# plants for self-maintaining tank



## Flear (Sep 29, 2012)

what plants would be good to add to a tank to provide enough food for what kind of fish that will eat them ?

it sounds like a simple question, ... 

i can find lists of plants people have suggested as fast growing plants
and mexican oak leaf is supposedly among the fastest growing.

but sites also say Hygrophila difformis is "fast", ... i've got it in my current tank and while the individual leaves grow fast, the plant itself i put among the slower growing stem plants i have (rotala being slower - i don't know what type)

the other side, what fish to eat these plants ?

silver dollars are highly accused of eating plants

---

so i could have a tank with silver dollars and Mexican oak leaf.

that's one fish eating one kind of plant, ... any additional fish and/or plants to add to this for ideas ?

would be very appreciated
(even non-fish)

Edit:
algae i have ideas to deal with in other ways (amano shrimp)

for plants, ... non-fish herbivore preference critters would actually be nice 
not turtles, or frogs
otherwise open to all omnivores with a preference for plants, (more than duckweed - seems duckweed is an easy one, which is very very soft, other plants prove to be tougher and fish get picky), ... don't want lazy picky critters


----------



## Flear (Sep 29, 2012)

i am way too picky there 

open to all fast growing plants
open to all critters that have diets that include plants.

---

additional note, ... one of those random curiosities
ramshorn snails like basil (had extra, put it in the tank to see if it would survive, ... the snails that generally leave my plants alone gobbled up the basil before i could find out if it would survive in the aquarium


----------



## SBS (Feb 26, 2013)

Mexican oak leaf is fast growing, but the stems are very delicate. If they are boisterous fish, it won't last long, and if I were a plant eater, I'd manage to eat it faster than it grows  

If you want the plants to survive with silver dollars and the likes, then look into something they'd eat, but not so much that is gone in a day or two. Other than that just feed them romaine lettuce and spinnach instead.


----------



## countcoco (Dec 28, 2010)

Large amazon swords and vallisineria are two good options it your substrate is moderately fertile. 

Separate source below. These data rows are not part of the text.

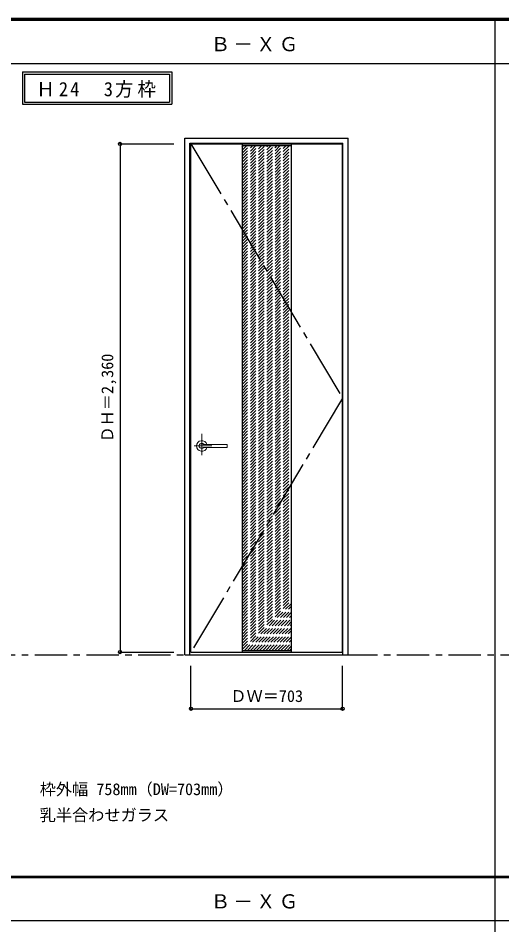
# Model space of a CAD drawing. Units: millimetres, scale not verified. Extents: x -6000 to 5700, y -4307 to 4260.
# Drawn here: x -1007 to 1237, y -36 to 4175 of the extents above; entities that cross this region are included whole.
import ezdxf
from ezdxf.enums import TextEntityAlignment as Align

# ---------------------------------------------------------------- set-up
doc = ezdxf.new("R2010")
doc.units = ezdxf.units.MM
doc.header["$LTSCALE"] = 30
doc.header["$PDMODE"] = 32
doc.header["$PDSIZE"] = 15
for name, pattern in [('CHAIN1', [8, 5, -1, 1, -1]), ('CHAIN2', [12, 9, -1, 1, -1]), ('DASHED1', [1.8, 1.2, -0.6])]:
    doc.linetypes.add(name, pattern=pattern)
for name, color, linetype in [('0-1_通り芯', 7, 'CHAIN1'), ('0-2_扉', 3, 'Continuous'), ('0-3_仕上げ', 7, 'Continuous'), ('0-4_枠', 3, 'Continuous'), ('0-7', 7, 'CHAIN2'), ('0-A_文字', 7, 'Continuous'), ('0-B_寸法', 7, 'Continuous'), ('0-C_ハッチ', 4, 'DASHED1'), ('F-1_枠', 6, 'Continuous')]:
    doc.layers.add(name, color=color, linetype=linetype)
doc.layers.add('0-5_レバー', color=7, linetype='Continuous', lineweight=18)
doc.styles.add('ＭＳ ゴシック', font='')
doc.styles.get('ＭＳ ゴシック').set_extended_font_data('MS Gothic')

msp = doc.modelspace()

# ---------------------------------------------------------------- linework, layer by layer
at = {"layer": '0-1_通り芯'}
msp.add_line((-5490, 1218), (3436.4, 1218), dxfattribs=at)
at = {"layer": '0-2_扉'}
for p, q in [((-205.2, 3591), (497.8, 3591)), ((-205.2, 1231), (-205.2, 3591)), ((497.8, 1231), (497.8, 3591)), ((-205.2, 1231), (497.8, 1231))]:
    msp.add_line(p, q, dxfattribs=at)
at = {"layer": '0-3_仕上げ', "color": 3}
for p, q in [((32.3, 3591), (32.3, 1231)), ((260.3, 3591), (260.3, 1231))]:
    msp.add_line(p, q, dxfattribs=at)
at = {"layer": '0-3_仕上げ'}
for p, q in [((32.3, 3583), (260.3, 3583)), ((32.3, 1239), (260.3, 1239))]:
    msp.add_line(p, q, dxfattribs=at)
at = {"layer": '0-4_枠'}
for p, q in [((-234.2, 3618), (523.8, 3618)), ((-234.2, 1218), (-234.2, 3618)), ((-210.2, 3594), (499.8, 3594)), ((-210.2, 1218), (-210.2, 3594)), ((499.8, 1218), (499.8, 3594)), ((523.8, 1218), (523.8, 3618)), ((-234.2, 1218), (523.8, 1218))]:
    msp.add_line(p, q, dxfattribs=at)
at = {"layer": '0-5_レバー', "color": 4, "linetype": 'CHAIN1'}
for p, q in [((-154.7, 2244.96), (-154.7, 2145.11)), ((-107.9, 2188.5), (-190.92, 2188.5))]:
    msp.add_line(p, q, dxfattribs=at)
at = {"layer": '0-5_レバー'}
for q in [(-37.7, 2193.99), (-37.7, 2183)]:
    msp.add_line((-37.7, 2188.5), q, dxfattribs=at)
for points in [[(-144.74, 2195.49), (-145.51, 2196.28), (-147.48, 2197.65), (-149.73, 2198.66), (-152.16, 2199.29), (-154.7, 2199.5), (-157.24, 2199.29), (-159.67, 2198.66), (-161.92, 2197.65), (-163.89, 2196.28), (-165.51, 2194.61), (-166.71, 2192.71), (-167.45, 2190.65), (-167.7, 2188.5), (-167.45, 2186.35), (-166.71, 2184.29), (-165.51, 2182.39), (-163.89, 2180.72), (-161.92, 2179.35), (-159.67, 2178.34), (-157.24, 2177.71), (-154.7, 2177.5), (-152.16, 2177.71), (-149.73, 2178.34), (-147.48, 2179.35), (-145.51, 2180.72), (-144.74, 2181.51)], [(-39.2, 2195.5), (-48.93, 2195.5), (-59.11, 2195.5), (-68.71, 2195.5), (-77.7, 2195.5), (-86.11, 2195.5), (-93.92, 2195.5), (-100.74, 2195.5), (-107.04, 2195.5), (-112.8, 2195.5), (-118.05, 2195.5), (-122.84, 2195.5), (-127.5, 2195.5), (-131.7, 2195.5), (-135.45, 2195.5), (-137.45, 2195.5), (-139.3, 2195.5), (-141.31, 2195.49), (-143.72, 2195.49), (-145.21, 2195.49), (-146.75, 2195.49), (-148.27, 2195.49), (-149.37, 2195.49), (-149.83, 2195.49), (-149.83, 2195.48)], [(-39.2, 2195.5), (-48.28, 2195.5), (-48.68, 2195.5)], [(-149.68, 2181.51), (-149.55, 2181.51), (-149.11, 2181.51), (-148.39, 2181.51), (-147.37, 2181.51), (-146.11, 2181.51), (-144.76, 2181.51), (-141.9, 2181.51), (-138.92, 2181.5), (-135.9, 2181.5), (-132.86, 2181.5), (-129.79, 2181.5), (-126.71, 2181.5), (-122.71, 2181.5), (-118.3, 2181.5), (-113.33, 2181.5), (-107.8, 2181.5), (-101.71, 2181.5), (-95.06, 2181.5), (-87.85, 2181.5), (-79.26, 2181.5), (-70, 2181.5), (-60.06, 2181.5), (-49.45, 2181.5), (-39.2, 2181.5)]]:
    msp.add_lwpolyline(points, dxfattribs=at)
for centre, radius, start, end in [((-154.7, 2188.5), 24.55, 16.59952, 343.36736), ((-39.2, 2194), 1.5, 0.00847, 89.9163), ((-39.2, 2194), 1.5, 360, 90.17419), ((-39.2, 2183), 1.5, 270.16419, 0), ((-39.2, 2183), 1.5, 269.91059, 359.99153)]:
    msp.add_arc(centre, radius, start, end, dxfattribs=at)
at = {"layer": '0-7'}
for p, q in [((-205.2, 3591), (497.8, 2411)), ((497.8, 2411), (-205.2, 1231))]:
    msp.add_line(p, q, dxfattribs=at)
at = {"layer": '0-A_文字'}
for p, q in [((-986.8, 3925), (-986.8, 3775)), ((-976.8, 3915), (-976.8, 3785)), ((-976.8, 3915), (-304.18, 3915)), ((-304.18, 3915), (-304.18, 3785)), ((-986.8, 3775), (-294.18, 3775)), ((-976.8, 3785), (-304.18, 3785))]:
    msp.add_line(p, q, dxfattribs=at)
msp.add_lwpolyline([(-986.8, 3925), (-294.18, 3925), (-294.18, 3775)], dxfattribs=at)
at = {"layer": '0-B_寸法', "color": 4}
for p, q in [((-534.2, 3591), (-284.2, 3591)), ((-534.2, 3591), (-534.2, 1231)), ((-534.2, 1231), (-284.2, 1231)), ((-205.2, 968), (-205.2, 1168)), ((497.8, 968), (497.8, 1168)), ((-205.2, 968), (497.8, 968))]:
    msp.add_line(p, q, dxfattribs=at)
at = {"layer": '0-B_寸法'}
for p in [(-534.2, 3591), (-534.2, 1231), (-205.2, 968), (497.8, 968)]:
    msp.add_point(p, dxfattribs=at)
at = {"layer": '0-C_ハッチ'}
for p, q in [((32.3, 3576.25), (39.05, 3583)), ((32.3, 3364.12), (251.18, 3583)), ((32.3, 3378.26), (237.04, 3583)), ((32.3, 3392.41), (222.89, 3583)), ((32.3, 3406.55), (208.75, 3583)), ((32.3, 3420.69), (194.61, 3583)), ((32.3, 3448.98), (166.32, 3583)), ((32.3, 3434.83), (180.47, 3583)), ((32.3, 3463.12), (152.18, 3583)), ((32.3, 3477.26), (138.04, 3583)), ((32.3, 3491.4), (123.9, 3583)), ((32.3, 3505.54), (109.76, 3583)), ((32.3, 3519.69), (95.61, 3583)), ((32.3, 3533.83), (81.47, 3583)), ((32.3, 3547.97), (67.33, 3583)), ((32.3, 3562.11), (53.19, 3583)), ((32.3, 3349.98), (260.3, 3577.98)), ((32.3, 3335.84), (260.3, 3563.84)), ((32.3, 3321.7), (260.3, 3549.7)), ((32.3, 3307.55), (260.3, 3535.55)), ((32.3, 3293.41), (260.3, 3521.41)), ((32.3, 3279.27), (260.3, 3507.27)), ((32.3, 3265.13), (260.3, 3493.13)), ((32.3, 3250.99), (260.3, 3478.99)), ((32.3, 3236.84), (260.3, 3464.84)), ((32.3, 3222.7), (260.3, 3450.7)), ((32.3, 3208.56), (260.3, 3436.56)), ((32.3, 3194.42), (260.3, 3422.42)), ((32.3, 3180.27), (260.3, 3408.27)), ((32.3, 3166.13), (260.3, 3394.13)), ((32.3, 3151.99), (260.3, 3379.99)), ((32.3, 3137.85), (260.3, 3365.85)), ((32.3, 3123.71), (260.3, 3351.71)), ((32.3, 3109.56), (260.3, 3337.56)), ((32.3, 3095.42), (260.3, 3323.42)), ((32.3, 3081.28), (260.3, 3309.28)), ((32.3, 3067.14), (260.3, 3295.14)), ((32.3, 3053), (260.3, 3281)), ((32.3, 3038.85), (260.3, 3266.85)), ((32.3, 3024.71), (260.3, 3252.71)), ((32.3, 3010.57), (260.3, 3238.57)), ((32.3, 2996.43), (260.3, 3224.43)), ((32.3, 2982.28), (260.3, 3210.28)), ((32.3, 2968.14), (260.3, 3196.14)), ((32.3, 2954), (260.3, 3182)), ((32.3, 2939.86), (260.3, 3167.86)), ((32.3, 2925.72), (260.3, 3153.72)), ((32.3, 2911.57), (260.3, 3139.57)), ((32.3, 2897.43), (260.3, 3125.43)), ((32.3, 2883.29), (260.3, 3111.29)), ((32.3, 2869.15), (260.3, 3097.15)), ((32.3, 2855.01), (260.3, 3083.01)), ((32.3, 2840.86), (260.3, 3068.86)), ((32.3, 2826.72), (260.3, 3054.72)), ((32.3, 2812.58), (260.3, 3040.58)), ((32.3, 2798.44), (260.3, 3026.44)), ((32.3, 2784.29), (260.3, 3012.29)), ((32.3, 2770.15), (260.3, 2998.15)), ((32.3, 2756.01), (260.3, 2984.01)), ((32.3, 2741.87), (260.3, 2969.87)), ((32.3, 2727.73), (260.3, 2955.73)), ((32.3, 2713.58), (260.3, 2941.58)), ((32.3, 2699.44), (260.3, 2927.44)), ((32.3, 2685.3), (260.3, 2913.3)), ((32.3, 2671.16), (260.3, 2899.16)), ((32.3, 2657.02), (260.3, 2885.02)), ((32.3, 2642.87), (260.3, 2870.87)), ((32.3, 2628.73), (260.3, 2856.73)), ((32.3, 2614.59), (260.3, 2842.59)), ((32.3, 2600.45), (260.3, 2828.45)), ((32.3, 2586.31), (260.3, 2814.31)), ((32.3, 2572.16), (260.3, 2800.16)), ((32.3, 2558.02), (260.3, 2786.02)), ((32.3, 2543.88), (260.3, 2771.88)), ((32.3, 2529.74), (260.3, 2757.74)), ((32.3, 2515.59), (260.3, 2743.59)), ((32.3, 2501.45), (260.3, 2729.45)), ((32.3, 2487.31), (260.3, 2715.31)), ((32.3, 2473.17), (260.3, 2701.17)), ((32.3, 2459.03), (260.3, 2687.03)), ((32.3, 2444.88), (260.3, 2672.88)), ((32.3, 2430.74), (260.3, 2658.74)), ((32.3, 2416.6), (260.3, 2644.6)), ((32.3, 2402.46), (260.3, 2630.46)), ((32.3, 2388.32), (260.3, 2616.32)), ((32.3, 2374.17), (260.3, 2602.17)), ((32.3, 2360.03), (260.3, 2588.03)), ((32.3, 2345.89), (260.3, 2573.89)), ((32.3, 2331.75), (260.3, 2559.75)), ((32.3, 2317.6), (260.3, 2545.6)), ((32.3, 2303.46), (260.3, 2531.46)), ((32.3, 2289.32), (260.3, 2517.32)), ((32.3, 2275.18), (260.3, 2503.18)), ((32.3, 2261.04), (260.3, 2489.04)), ((32.3, 2246.89), (260.3, 2474.89)), ((32.3, 2232.75), (260.3, 2460.75)), ((32.3, 2218.61), (260.3, 2446.61)), ((32.3, 2204.47), (260.3, 2432.47)), ((32.3, 2190.33), (260.3, 2418.33)), ((32.3, 2176.18), (260.3, 2404.18)), ((32.3, 2162.04), (260.3, 2390.04)), ((32.3, 2147.9), (260.3, 2375.9)), ((32.3, 2133.76), (260.3, 2361.76)), ((32.3, 2119.61), (260.3, 2347.61)), ((32.3, 2105.47), (260.3, 2333.47)), ((32.3, 2091.33), (260.3, 2319.33)), ((32.3, 2077.19), (260.3, 2305.19)), ((32.3, 2063.05), (260.3, 2291.05)), ((32.3, 2048.9), (260.3, 2276.9)), ((32.3, 2034.76), (260.3, 2262.76)), ((32.3, 2020.62), (260.3, 2248.62)), ((32.3, 2006.48), (260.3, 2234.48)), ((32.3, 1992.34), (260.3, 2220.34)), ((32.3, 1978.19), (260.3, 2206.19)), ((32.3, 1964.05), (260.3, 2192.05)), ((32.3, 1949.91), (260.3, 2177.91)), ((32.3, 1935.77), (260.3, 2163.77)), ((32.3, 1921.62), (260.3, 2149.62)), ((32.3, 1907.48), (260.3, 2135.48)), ((32.3, 1893.34), (260.3, 2121.34)), ((32.3, 1879.2), (260.3, 2107.2)), ((32.3, 1865.06), (260.3, 2093.06)), ((32.3, 1850.91), (260.3, 2078.91)), ((32.3, 1836.77), (260.3, 2064.77)), ((32.3, 1822.63), (260.3, 2050.63)), ((32.3, 1808.49), (260.3, 2036.49)), ((32.3, 1794.35), (260.3, 2022.35)), ((32.3, 1780.2), (260.3, 2008.2)), ((32.3, 1766.06), (260.3, 1994.06)), ((32.3, 1751.92), (260.3, 1979.92)), ((32.3, 1737.78), (260.3, 1965.78)), ((32.3, 1723.63), (260.3, 1951.63)), ((32.3, 1709.49), (260.3, 1937.49)), ((32.3, 1695.35), (260.3, 1923.35)), ((32.3, 1681.21), (260.3, 1909.21)), ((32.3, 1667.07), (260.3, 1895.07)), ((32.3, 1652.92), (260.3, 1880.92)), ((32.3, 1638.78), (260.3, 1866.78)), ((32.3, 1624.64), (260.3, 1852.64)), ((32.3, 1610.5), (260.3, 1838.5)), ((32.3, 1596.36), (260.3, 1824.36)), ((32.3, 1582.21), (260.3, 1810.21)), ((32.3, 1568.07), (260.3, 1796.07)), ((32.3, 1553.93), (260.3, 1781.93)), ((32.3, 1539.79), (260.3, 1767.79)), ((32.3, 1525.64), (260.3, 1753.64)), ((32.3, 1511.5), (260.3, 1739.5)), ((32.3, 1497.36), (260.3, 1725.36)), ((32.3, 1483.22), (260.3, 1711.22)), ((32.3, 1469.08), (260.3, 1697.08)), ((32.3, 1454.93), (260.3, 1682.93)), ((32.3, 1440.79), (260.3, 1668.79)), ((32.3, 1426.65), (260.3, 1654.65)), ((32.3, 1412.51), (260.3, 1640.51)), ((32.3, 1398.37), (260.3, 1626.37)), ((32.3, 1384.22), (260.3, 1612.22)), ((32.3, 1370.08), (260.3, 1598.08)), ((32.3, 1355.94), (260.3, 1583.94)), ((32.3, 1341.8), (260.3, 1569.8)), ((32.3, 1327.66), (260.3, 1555.66)), ((32.3, 1313.51), (260.3, 1541.51)), ((32.3, 1299.37), (260.3, 1527.37)), ((32.3, 1285.23), (260.3, 1513.23)), ((32.3, 1271.09), (260.3, 1499.09)), ((32.3, 1256.94), (260.3, 1484.94)), ((32.3, 1242.8), (260.3, 1470.8)), ((42.64, 1239), (260.3, 1456.66)), ((56.78, 1239), (260.3, 1442.52)), ((70.92, 1239), (260.3, 1428.38)), ((85.07, 1239), (260.3, 1414.23)), ((99.21, 1239), (260.3, 1400.09)), ((113.35, 1239), (260.3, 1385.95)), ((127.49, 1239), (260.3, 1371.81)), ((141.64, 1239), (260.3, 1357.67)), ((155.78, 1239), (260.3, 1343.52)), ((169.92, 1239), (260.3, 1329.38)), ((184.06, 1239), (260.3, 1315.24)), ((198.2, 1239), (260.3, 1301.1)), ((212.35, 1239), (260.3, 1286.95)), ((226.49, 1239), (260.3, 1272.81)), ((240.63, 1239), (260.3, 1258.67)), ((254.77, 1239), (260.3, 1244.53))]:
    msp.add_line(p, q, dxfattribs=at)
at = {"layer": 'F-1_枠'}
for p, q in [((-6000, 4175), (5700, 4175)), ((-6000, 4170), (5700, 4170)), ((1204.8, 4175), (1204.8, -3790)), ((-6000, 4165), (5700, 4165)), ((-6000, 3965), (5700, 3965)), ((-6000, 190.5), (5700, 190.5)), ((-6000, 187.5), (5700, 187.5)), ((-6000, 184.5), (5700, 184.5)), ((-6000, -15.5), (5700, -15.5))]:
    msp.add_line(p, q, dxfattribs=at)

# ---------------------------------------------------------------- texts
at = {"layer": '0-A_文字', "style": 'ＭＳ ゴシック'}
for s, p in [('枠外幅 758mm（DW=703mm）', (-906.8, 550.5)), ('乳半合わせガラス', (-906.8, 430.5))]:
    msp.add_text(s, height=54.99, dxfattribs=at).set_placement(p, align=Align.BOTTOM_LEFT)
at = {"layer": '0-A_文字', "char_height": 65.98, "attachment_point": 7, "style": 'ＭＳ ゴシック'}
for s, insert in [('\\T1.17;Ｂ－ＸＧ', (-113.5, 4020)), ('\\T1.22;\\W0.95;Ｈ24\u30003方枠', (-922.14, 3805)), ('\\T1.17;Ｂ－ＸＧ', (-113.5, 39.5))]:
    msp.add_mtext(s, dxfattribs=dict(at, insert=insert))
at = {"layer": '0-B_寸法', "style": 'ＭＳ ゴシック'}
msp.add_text('ＤＨ＝2,360', height=54.99, rotation=90, dxfattribs=at).set_placement((-549.2, 2204.75), align=Align.BOTTOM_LEFT)
msp.add_text('ＤＷ＝703', height=54.99, dxfattribs=at).set_placement((-22.45, 983), align=Align.BOTTOM_LEFT)

doc.saveas('drawing.dxf')

As far as stem plants go, you should try a large variety. Although some may grow quickly, they also may die and disintegrate just as quickly.

I recommend trying limonphila indica, rotala rotundifolia, bacopa australis, ludwigia repens, heteranthera zosterifolia, and sagittaria.


----------



## Flear (Sep 29, 2012)

thanks for the plant ideas 

any smaller critters that are known for having a noticable herbivore diet ?

hard part i notice when looking up critters is most sites are only concerned with if they'll eat prepaired foods, flakes & pellets and such. makes it hard 

so far the search is "what eats .... " for each specific plant.
most results are from forums about people concerned about what's eating their prized plants.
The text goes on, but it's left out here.